The Senate, controlled by Democrats, was unsurprisingly reticent to make huge changes to the president's signature piece of legislation and outright refused to pass the resolution.

But now the question is less "Who started it?" and more "Can anyone end it?" Republicans don't want to walk away from this showdown empty-handed. But Democrats, including Obama, don't want to negotiate until the government starts back up again, saying they're tired of seeing crises used for political leverage.

To understand just how tricky it will be to extract the government from the shutdown, look no further than Idaho and Eastern Washington's senators and representatives.

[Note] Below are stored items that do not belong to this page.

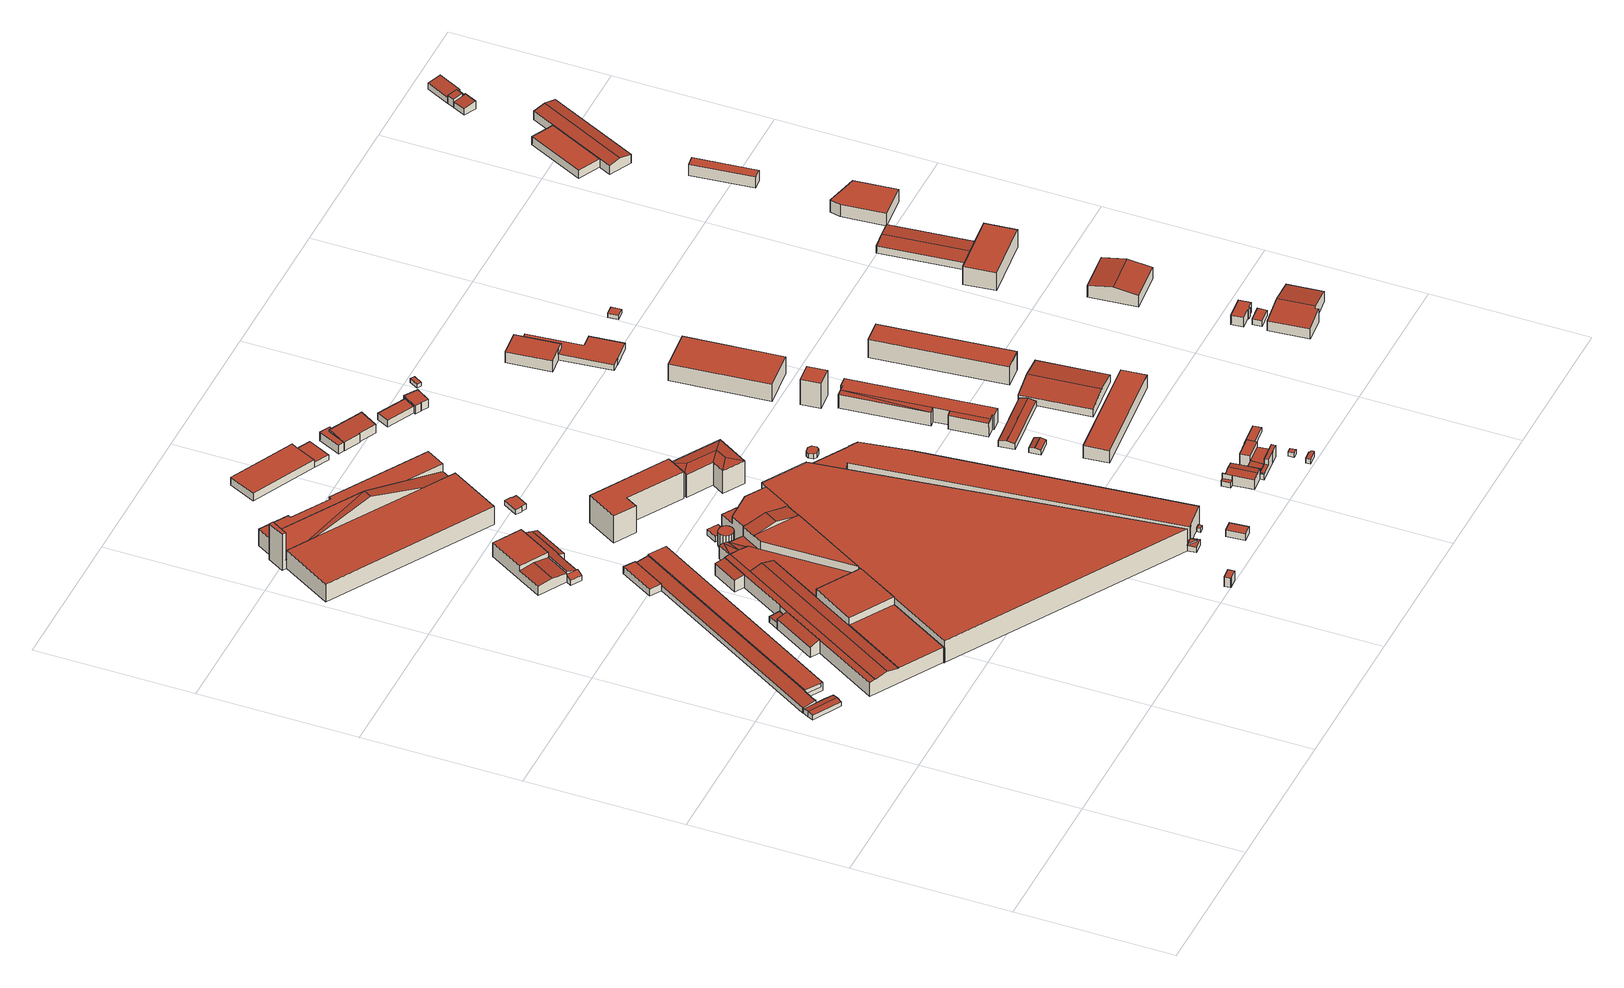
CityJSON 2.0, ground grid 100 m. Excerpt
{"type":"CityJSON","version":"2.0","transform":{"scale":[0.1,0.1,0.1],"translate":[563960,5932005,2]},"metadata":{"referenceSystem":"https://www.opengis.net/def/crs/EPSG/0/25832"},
"CityObjects":{
"building1":{"type":"Building","attributes":{"Gemeindeschluessel":"02000000","Geometrietyp2DReferenz":"3000","function":"31001_2100","roofType":"1000","measuredHeight":5.87,"storeysAboveGround":2},"geometry":[{"type":"MultiSurface","lod":"2","boundaries":[[[0,1,2,3,4]],[[5,6,7]],[[8,9,10]],[[9,11,12,10]],[[13,14,15,16]],[[6,17,18,7]],[[7,18,19,20]],[[21,22,23,24]],[[11,4,3,25]],[[26,2,1,27]],[[8,0,4,11,9]],[[13,16,28,29,30,31,21,24,32,26,27]],[[33,32,24,23]],[[13,27,1,0,8,10,12,14]],[[28,16,15,17,6,5,34]],[[26,32,33,25,3,2]],[[29,28,34,35,36]],[[21,31,37,20,19,22]],[[38,30,29,36]],[[31,30,38,39,37]],[[33,23,22,19,18,17,15,14,12,11,25]],[[35,34,5,7,20,37,39]],[[35,39,38,36]]],"semantics":{"surfaces":[{"type":"RoofSurface"},{"type":"WallSurface"},{"type":"GroundSurface"}],"values":[0,0,0,1,1,1,1,1,1,1,1,2,1,1,1,1,1,1,1,1,0,0,0]}}]},
"building2":{"type":"Building","attributes":{"Gemeindeschluessel":"02000000","Geometrietyp2DReferenz":"3000","function":"51009_1610","roofType":"1000","measuredHeight":4.78},"geometry":[{"type":"MultiSurface","lod":"2","boundaries":[[[40,41,42,43]],[[43,42,44,45]],[[45,44,46,47]],[[41,40,47,46]],[[47,40,43,45]],[[41,46,44,42]]],"semantics":{"surfaces":[{"type":"WallSurface"},{"type":"GroundSurface"},{"type":"RoofSurface"}],"values":[0,0,0,0,1,2]}}]},
"building3":{"type":"Building","attributes":{"Gemeindeschluessel":"02000000","Geometrietyp2DReferenz":"3000","function":"31001_2140","roofType":"3100","measuredHeight":18.24,"storeysAboveGround":1},"geometry":[{"type":"MultiSurface","lod":"2","boundaries":[[[48,49,50,51]],[[52,53,54,55]],[[56,57,58,59]],[[60,61,62]],[[63,64,65,60,66]],[[67,68,69,70,71,72,73,74]],[[75,76,77,78,79,80,70]],[[81,82,83]],[[84,85,86,75,69,68]],[[87,88,89,90]],[[91,51,50,92]],[[48,93,94,49]],[[95,54,53,96]],[[97,52,55,98]],[[99,59,58,100]],[[56,101,102,57]],[[103,104,105]],[[106,107,108]],[[74,109,67]],[[84,110,85]],[[83,79,78,81]],[[86,76,75]],[[70,80,71]],[[111,112,113,114]],[[115,89,88,116]],[[117,102,101,118,119,120,94,93,121,122]],[[123,124,125,126,127,128,122,121,129]],[[130,131,117,122,128]],[[132,133,104,103,62,61,90,89,115]],[[134,64,63,135,136,73,72,137]],[[138,77,76,86,85,110,139,140,96,53,52,97,112,111]],[[123,129,141,91,92,142,143,144,99,100,132,115,116,134,137,145,138,111,114]],[[146,147,130,128,127]],[[148,149,146,127,126]],[[150,107,106,105,104,133,131,130,147,149,148,95,96,140]],[[126,125,98,55,54,95,148]],[[132,100,58,57,102,117,131,133]],[[145,137,72,71,80,79,83,82]],[[138,145,82,81,78,77]],[[84,68,67]],[[75,70,69]],[[151,150,140,139]],[[152,150,151,109,74,73,136]],[[134,116,88,87,65,64]],[[105,106,66]],[[87,90,61,60,65]],[[135,63,108,107,150,152]],[[99,144,118,101,56,59]],[[149,147,146]],[[144,143,119,118]],[[143,142,120,119]],[[91,141,93,48,51]],[[142,92,50,49,94,120]],[[124,123,114,113]],[[141,129,121,93]],[[151,139,110,84,67,109]],[[135,152,136]],[[106,108,63,66]],[[105,66,60,62,103]],[[124,113,112,97,98,125]]],"semantics":{"surfaces":[{"type":"RoofSurface"},{"type":"WallSurface"},{"type":"GroundSurface"}],"values":[0,0,0,0,0,0,0,0,0,0,1,1,1,1,1,1,1,1,1,1,1,1,1,1,1,0,1,1,1,1,1,2,0,0,0,1,1,1,1,1,1,1,1,1,1,1,1,1,1,1,1,1,1,1,1,0,0,0,0,0]}}]},
"building4":{"type":"Building","attributes":{"Gemeindeschluessel":"02000000","Geometrietyp2DReferenz":"3000","function":"31001_2100","roofType":"1000","measuredHeight":4.87,"storeysAboveGround":1},"geometry":[{"type":"MultiSurface","lod":"2","boundaries":[[[153,154,155,156]],[[156,155,157,158]],[[158,157,159,160]],[[154,153,160,159]],[[160,153,156,158]],[[154,159,157,155]]],"semantics":{"surfaces":[{"type":"WallSurface"},{"type":"GroundSurface"},{"type":"RoofSurface"}],"values":[0,0,0,0,1,2]}}]},
"building5":{"type":"Building","attributes":{"Gemeindeschluessel":"02000000","Geometrietyp2DReferenz":"3000","function":"31001_2140","roofType":"1000","measuredHeight":10.02,"storeysAboveGround":1},"geometry":[{"type":"MultiSurface","lod":"2","boundaries":[[[161,162,163,164]],[[165,166,162,161]],[[167,168,169,170]],[[171,172,173,174,175]],[[176,177,178,179]],[[180,168,167,181]],[[173,172,182]],[[183,171,175,184]],[[165,185,181,166]],[[186,187,188,189]],[[173,185,174]],[[178,190,191,179]],[[192,177,176,193]],[[194,186,189,183,184,195,196,197,192,193]],[[196,195,185,165,161,164]],[[192,197,169,168,180,190,178,177]],[[194,193,176,179,191,198]],[[187,186,194,198]],[[183,189,188,182,172,171]],[[195,184,175,174,185]],[[167,170,163,162,166,181]],[[197,196,164,163,170,169]],[[187,198,191,190,180,181,185,173,182,188]]],"semantics":{"surfaces":[{"type":"RoofSurface"},{"type":"WallSurface"},{"type":"GroundSurface"}],"values":[0,0,0,0,0,1,1,1,1,1,1,1,1,2,1,1,1,1,1,1,1,1,0]}}]},
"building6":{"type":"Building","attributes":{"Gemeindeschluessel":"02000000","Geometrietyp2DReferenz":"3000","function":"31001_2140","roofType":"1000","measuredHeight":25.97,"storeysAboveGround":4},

Cathy McMorris Rodgers: Voice of the GOP establishment

As House Republican Conference chair, Rep. Cathy McMorris Rodgers has been a close ally of Speaker of the House John Boehner. Behind the scenes, national reporting has highlighted serious uncertainty among GOP leadership. But publicly, McMorris Rodgers' message has not wavered. She blames Democrats for refusing to compromise, condemns barricades erected around open-air memorials, highlights Republican attempts to reopen some important parts of the government and criticizes Obamacare.

In a USA Today editorial last week, she used the Spokane region to justify the House's fervent opposition to Obamacare. "No matter where I go when I'm home in Eastern Washington — the grocery store, the local coffee shop, the county fair — the concern is the same: Obamacare is making life harder for everyday Americans," she wrote. That article earned her pushback — the Seattle Times dedicated a story last week to McMorris Rodgers' constituents who'd been bothered by her rhetoric. But to the Inlander, McMorris Rodgers maintains Obamacare has been "overwhelmingly" opposed locally.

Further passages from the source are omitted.